Items listed in a dataset

□ □ □ □

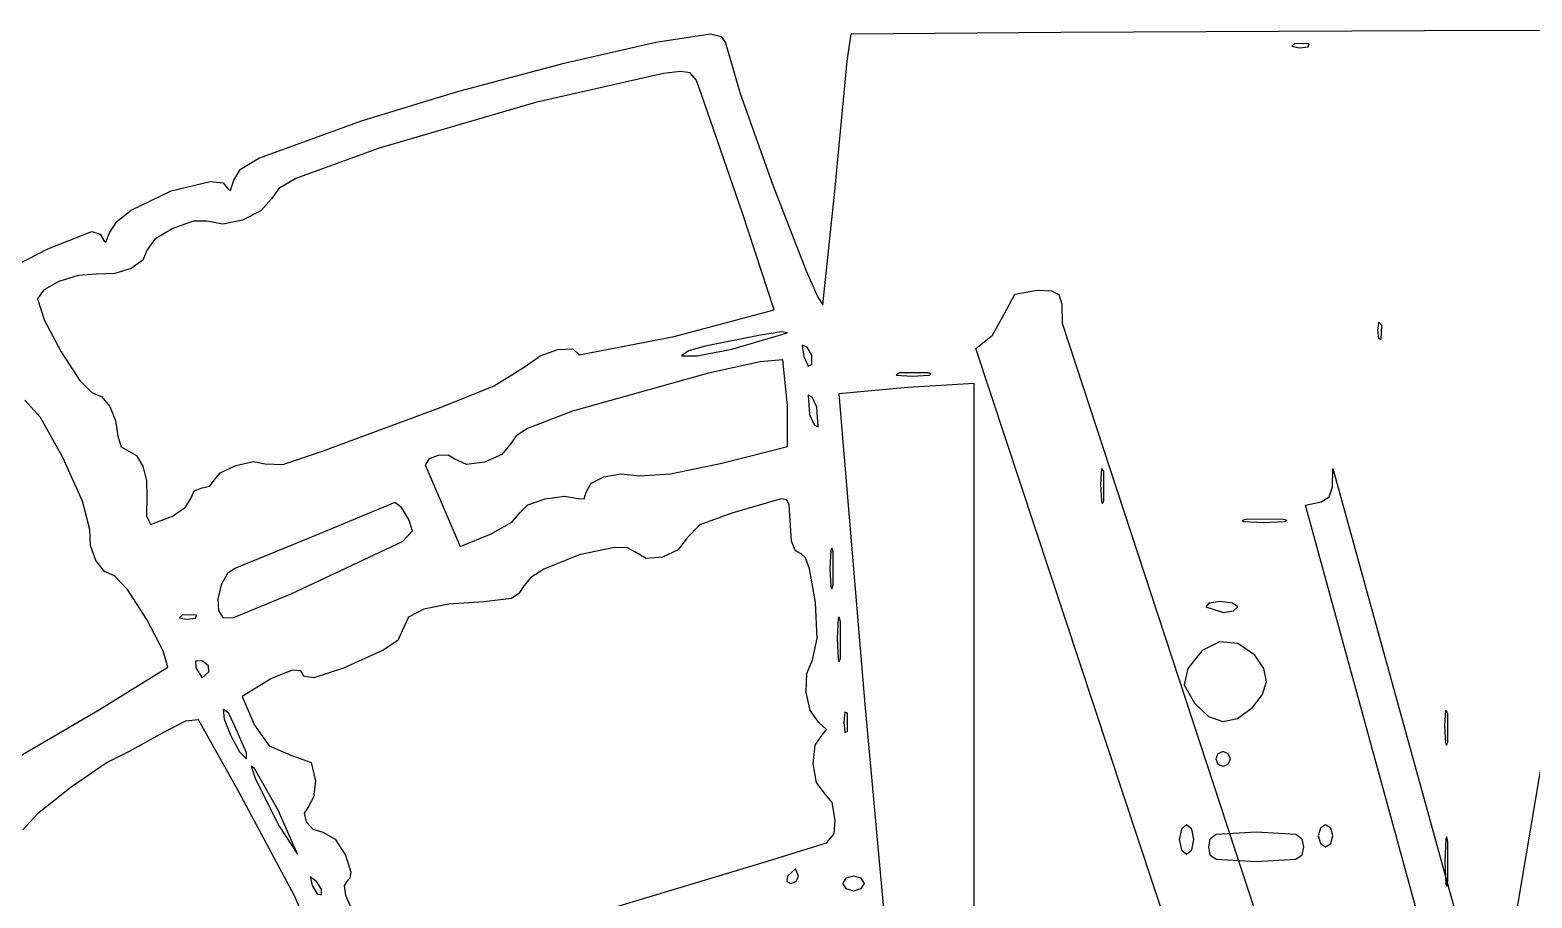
# Model space of a CAD drawing. Extents: x -99 to 383, y -48 to 207.
# Drawn here: x 61.8 to 119.7, y 173 to 206.5 of the extents above; entities that cross this region are included whole.
import ezdxf

# ---------------------------------------------------------------- set-up
doc = ezdxf.new("R2010")
doc.units = 0

msp = doc.modelspace()

# ---------------------------------------------------------------- linework, layer by layer
at = {"layer": 'Image'}
for p, q in [((85.955982, 206.002473), (88.061999, 206.323094)), ((88.061999, 206.323094), (88.468059, 206.219466)), ((88.468059, 206.219466), (88.638085, 205.970317)), ((93.33049, 205.264797), (93.483531, 206.323127)), ((93.483531, 206.323127), (101.572611, 206.379142)), ((101.572611, 206.379142), (115.588311, 206.449698)), ((115.588311, 206.449698), (121.514971, 206.464232)), ((82.42217, 205.189248), (85.955982, 206.002473)), ((88.638085, 205.970317), (89.208254, 204.019252)), ((110.596074, 205.951296), (110.473612, 205.837336)), ((110.473612, 205.837336), (110.766584, 205.780789)), ((111.137, 205.929), (110.596074, 205.951296)), ((110.766584, 205.780789), (111.098525, 205.815141)), ((111.098525, 205.815141), (111.137, 205.929018)), ((111.137, 205.929018), (111.137, 205.929)), ((78.354398, 204.106373), (82.42217, 205.189248)), ((92.852539, 200.255357), (93.33049, 205.264797)), ((86.25202, 204.785158), (81.311082, 203.672546)), ((86.903288, 204.867683), (86.25202, 204.785158)), ((87.280588, 204.810799), (86.903288, 204.867683)), ((87.506188, 204.550099), (87.280588, 204.810799)), ((87.70236, 204.021177), (87.506188, 204.550099)), ((74.646499, 202.976804), (78.354398, 204.106373)), ((89.2946, 199.415757), (87.70236, 204.021177)), ((89.208254, 204.019252), (90.468204, 200.492917)), ((81.311082, 203.672546), (75.28632, 201.909858)), ((70.642235, 201.532329), (74.646499, 202.976804)), ((69.93867, 201.103187), (70.642235, 201.532329)), ((75.28632, 201.909858), (72.075765, 200.750479)), ((69.689279, 200.678654), (69.93867, 201.103187)), ((67.269336, 200.272564), (68.768241, 200.630771)), ((68.768241, 200.630771), (69.266827, 200.578263)), ((69.266827, 200.578263), (69.473187, 200.325876)), ((69.548266, 200.283984), (69.689279, 200.678654)), ((72.075765, 200.750479), (71.4185, 200.356907)), ((90.468204, 200.492917), (91.751435, 197.182933)), ((65.726356, 199.524074), (67.269336, 200.272564)), ((69.473187, 200.325876), (69.548266, 200.283984)), ((71.1363, 199.967128), (70.724151, 199.495484)), ((71.4185, 200.356907), (71.1363, 199.967128)), ((92.391445, 195.880917), (92.852539, 200.255357)), ((65.172677, 199.088731), (65.726356, 199.524074)), ((70.724151, 199.495484), (70.021207, 199.140348)), ((90.5132, 195.687667), (89.2946, 199.415757)), ((62.514102, 198.034749), (64.204959, 198.703099)), ((64.204959, 198.703099), (64.525613, 198.59947)), ((64.74981, 198.295218), (64.889187, 198.658126)), ((64.889187, 198.658126), (65.172677, 199.088731)), ((67.33587, 198.819007), (66.641705, 198.40394)), ((68.108872, 199.099264), (67.33587, 198.819007)), ((68.64658, 199.095835), (68.108872, 199.099264)), ((69.25338, 198.980779), (68.64658, 199.095835)), ((70.021207, 199.140348), (69.25338, 198.980779)), ((64.525613, 198.59947), (64.675412, 198.350321)), ((64.675412, 198.350321), (64.74981, 198.295218)), ((66.641705, 198.40394), (66.34051, 198.002935)), ((59.272642, 196.38143), (62.514102, 198.034749)), ((66.168901, 197.602138), (65.719365, 197.278786)), ((66.34051, 198.002935), (66.168901, 197.602138)), ((63.676349, 197.002667), (62.934229, 196.773639)), ((64.37825, 197.05389), (63.676349, 197.002667)), ((65.089836, 197.080248), (64.37825, 197.05389)), ((65.719365, 197.278786), (65.089836, 197.080248)), ((91.751435, 197.182933), (92.193499, 196.168953)), ((62.346352, 196.447917), (62.10718, 196.106612)), ((62.934229, 196.773639), (62.346352, 196.447917)), ((99.798774, 196.282802), (100.65242, 196.445285)), ((100.65242, 196.445285), (101.206911, 196.423727)), ((101.206911, 196.423727), (101.494095, 196.281963)), ((62.10718, 196.106612), (62.385964, 195.280015)), ((92.193499, 196.168953), (92.391445, 195.880917)), ((99.37426, 195.499088), (99.798774, 196.282802)), ((101.494095, 196.281963), (101.601914, 195.90436)), ((101.601914, 195.90436), (101.618311, 195.175285)), ((62.385964, 195.280015), (63.026504, 194.067111)), ((86.660143, 194.655577), (90.5132, 195.687667)), ((98.937191, 194.713717), (99.37426, 195.499088)), ((101.618311, 195.175285), (164.545, 3.69192)), ((113.83268, 195.209555), (113.776133, 194.916584)), ((113.94664, 195.087094), (113.83268, 195.209555)), ((82.9916, 193.949877), (86.660143, 194.655577)), ((89.98784, 194.713912), (87.85999, 194.289501)), ((88.881359, 194.164269), (91.030168, 194.794179)), ((90.79341, 194.840023), (89.98784, 194.713912)), ((91.03017, 194.794179), (90.79341, 194.840023)), ((91.030168, 194.794179), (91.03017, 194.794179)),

□ □ □ □

# YOUR OBJECTIVE
Copy each line above where "layer" appears.

# SOLVED PROBLEM
# ---------------------------------------------------------------- linework, layer by layer
at = {"layer": 'Image'}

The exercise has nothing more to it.